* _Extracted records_
────────
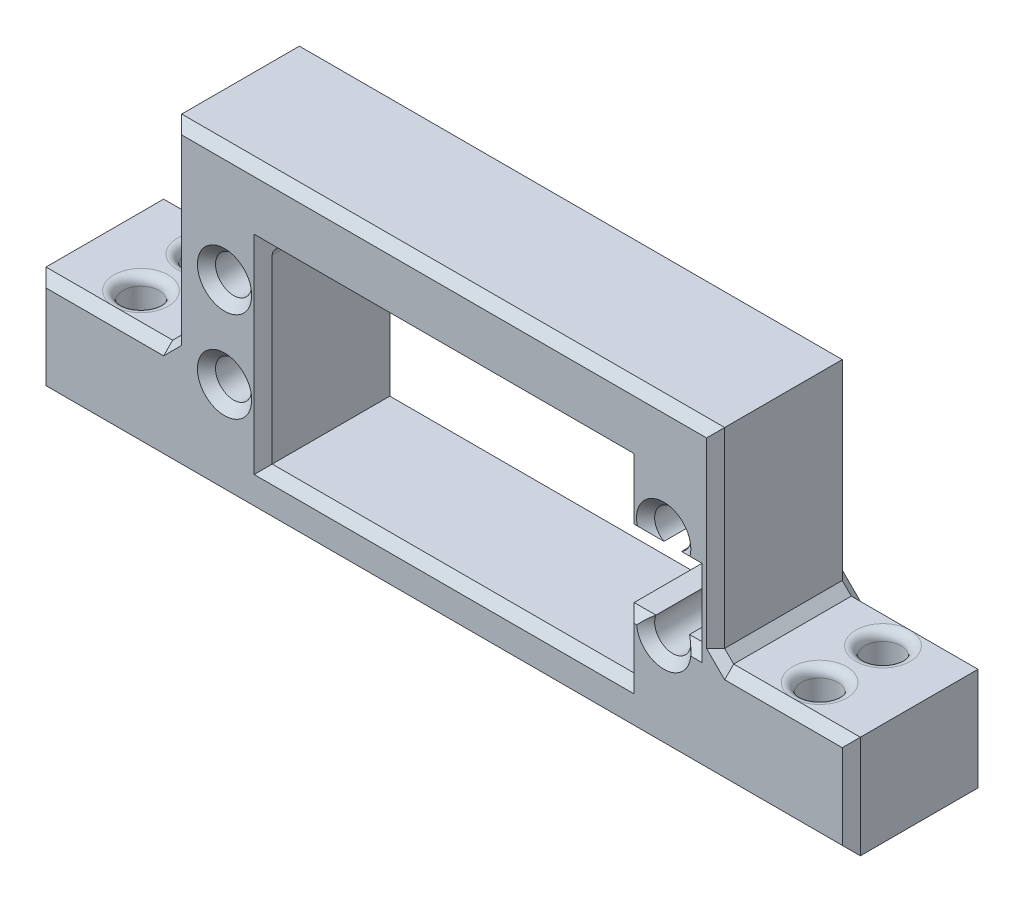
SolidWorks part; units mm, degrees
ref_plane "Front" through (0, 0, 0) normal (0, 0, 1) x (1, 0, 0)
ref_plane "Top" through (0, 0, 0) normal (0, 1, 0) x (1, 0, 0)
ref_plane "Right" through (0, 0, 0) normal (1, 0, 0) x (0, 0, -1)
sketch "Sketch1" plane through (0, 0, 0) normal (0, 0, 1) x (1, 0, 0)
  line L0 (-30, 0) -> (-30, 28.5)
  line L1 (55, 0) -> (-55, 0) construction
  line L4 (-30, 28.5) -> (30, 28.5)
  line L6 (0, -55) -> (0, 55) construction
  line L7 (20, 21) -> (-20, 21)
  line L8 (-20, 21) -> (-20, 0)
  line L9 (-20, 0) -> (-30, 0)
  line L10 (20, 0) -> (30, 0)
  line L11 (20, 21) -> (20, 0)
  line L14 (30, 0) -> (30, 28.5)
  line L15 (30, 6.3573) -> (45, 6.3573)
  line L16 (-30, 0) -> (-45, 0)
  line L17 (-30, 0) -> (-30, 6.3573)
  line L18 (-30, 6.3573) -> (-45, 6.3573)
  line L19 (-45, 0) -> (-45, 6.3573)
  line L20 (45, 0) -> (45, 6.3573)
  line L21 (30, 0) -> (45, 0)
  line L22 (30, 0) -> (30, 6.3573)
  line L24 (-45, 0) -> (45, 0)
  line L25 (-45, 0) -> (-45, -5)
  line L26 (-45, -5) -> (45, -5)
  line L27 (45, 0) -> (45, -5)
  line L28 (20, 14.25) -> (27.5, 14.25)
  line L29 (20, 14.25) -> (20, 6.75)
  line L30 (20, 6.75) -> (27.5, 6.75)
  line L31 (27.5, 14.25) -> (27.5, 6.75)
  circle A0 centre (-24.265, 16) radius 2
  circle A1 centre (-24.265, 6) radius 2
  circle A2 centre (24.265, 6) radius 2
  circle A3 centre (24.265, 16) radius 2
  point P16 (0, 21)
  point P17 (0, 28.5)
  point P35 (27.5, 10.5)
  point P36 (20, 10.5)
  dimension "D5" = 4
  dimension "D6" = 7.5
  dimension "D1" = 7.5
  dimension "D2" = 48.53
  dimension "D3" = 10
  dimension "D4" = 20
  dimension "D7" = 10
  dimension "D8" = 21
  dimension "D9" = 15
  dimension "D10" = 5
  dimension "D11" = 5
  dimension "D12" = 6
  dimension "D13" = 7.5
extrude "Boss-Extrude1" add sketch "Sketch1" along normal blind 15 contours L19 L16 L0 L18 | L10 L14 L4 L0 L9 L8 L7 L11 A2 A1 A0 A3 | L14 L21 L20 L15 | L27 L21 L10 L24 L9 L16 L25 L26 | L25 L24 L27 L26 region at (-37.5, 3.1787, 0) region at (-29.3358, 3.1787, 0) region at (0, -2.5, 0) region at (37.5, 3.1787, 0)
sketch "Sketch2" plane through (0, 6.3573, 0) normal (0, 1, 0) x (1, 0, 0)
  line L0 (-37.5, -4) -> (-37.5, -11) construction
  line L1 (0, -55) -> (0, 55) construction
  line L2 (37.5, -4) -> (37.5, -11) construction
  line L3 (0, -15) -> (0, 0) construction
  line L4 (-30, -15) -> (30, -15) construction
  circle A0 centre (-37.5, -4) radius 2
  circle A1 centre (-37.5, -11) radius 2
  circle A2 centre (37.5, -11) radius 2
  circle A3 centre (37.5, -4) radius 2
  point P15 (-37.5, -7.5)
  point P16 (0, -7.5)
  dimension "D1" = 4
  dimension "D2" = 4
  dimension "D3" = 7
  dimension "D4" = 75
extrude "Cut-Extrude1" cut sketch "Sketch2" against normal through all both and the other way through all
chamfer "Chamfer1" distance 1 angle 45 46 edges at (24.265, 18, 15) (-22.265, 16, 15) (-22.265, 6, 15) (24.265, 4, 15) (-37.5, 6.3573, 15) (-30, 17.4287, 15) (0, 28.5, 15) (30, 17.4287, 15) (37.5, 6.3573, 15) (45, 0.6787, 15) (20, 3.375, 15) (20, 17.625, 15) (0, 21, 15) (-20, 10.5, 15) (0, 0, 15) (-45, 0.6787, 15) (24.265, 18, 0) (-22.265, 16, 0) (-22.265, 6, 0) (24.265, 4, 0) (-20, 10.5, 0) (0, 21, 0) (20, 3.375, 0) (20, 17.625, 0) (0, 0, 0) (45, 0.6787, 0) (37.5, 6.3573, 0) (30, 17.4287, 0) (0, 28.5, 0) (-30, 17.4287, 0) (-37.5, 6.3573, 0) (-45, 0.6787, 0) (0, -5, 15) (0, -5, 0) (30, 6.3573, 7.5) (-30, 6.3573, 7.5) (26.8095, 6.75, 15) (21.2055, 6.75, 15) (27.5, 10.5, 15) (21.6484, 14.25, 15) (26.3666, 14.25, 15) (26.3666, 14.25, 0) (21.6484, 14.25, 0) (27.5, 10.5, 0) (21.2055, 6.75, 0) (26.8095, 6.75, 0)
fillet "Fillet1" radius 1 7 edges at (-20, 21, 7.5) (20, 21, 7.5) (39.5, -5, 11) (35.5, 6.3573, 11) (35.5, 6.3573, 4) (-35.5, 6.3573, 11) (-35.5, 6.3573, 4)
────────
* _Problem requirements_
Could you restate word for word the lines above from the one containing "plane through (0, 0, 0)" through the one containing "line L7 (20, 21) -> (-20, 21)", both included, and nothing else?

* _Solved exercise_
sketch "Sketch1" plane through (0, 0, 0) normal (0, 0, 1) x (1, 0, 0)
  line L0 (-30, 0) -> (-30, 28.5)
  line L1 (55, 0) -> (-55, 0) construction
  line L4 (-30, 28.5) -> (30, 28.5)
  line L6 (0, -55) -> (0, 55) construction
  line L7 (20, 21) -> (-20, 21)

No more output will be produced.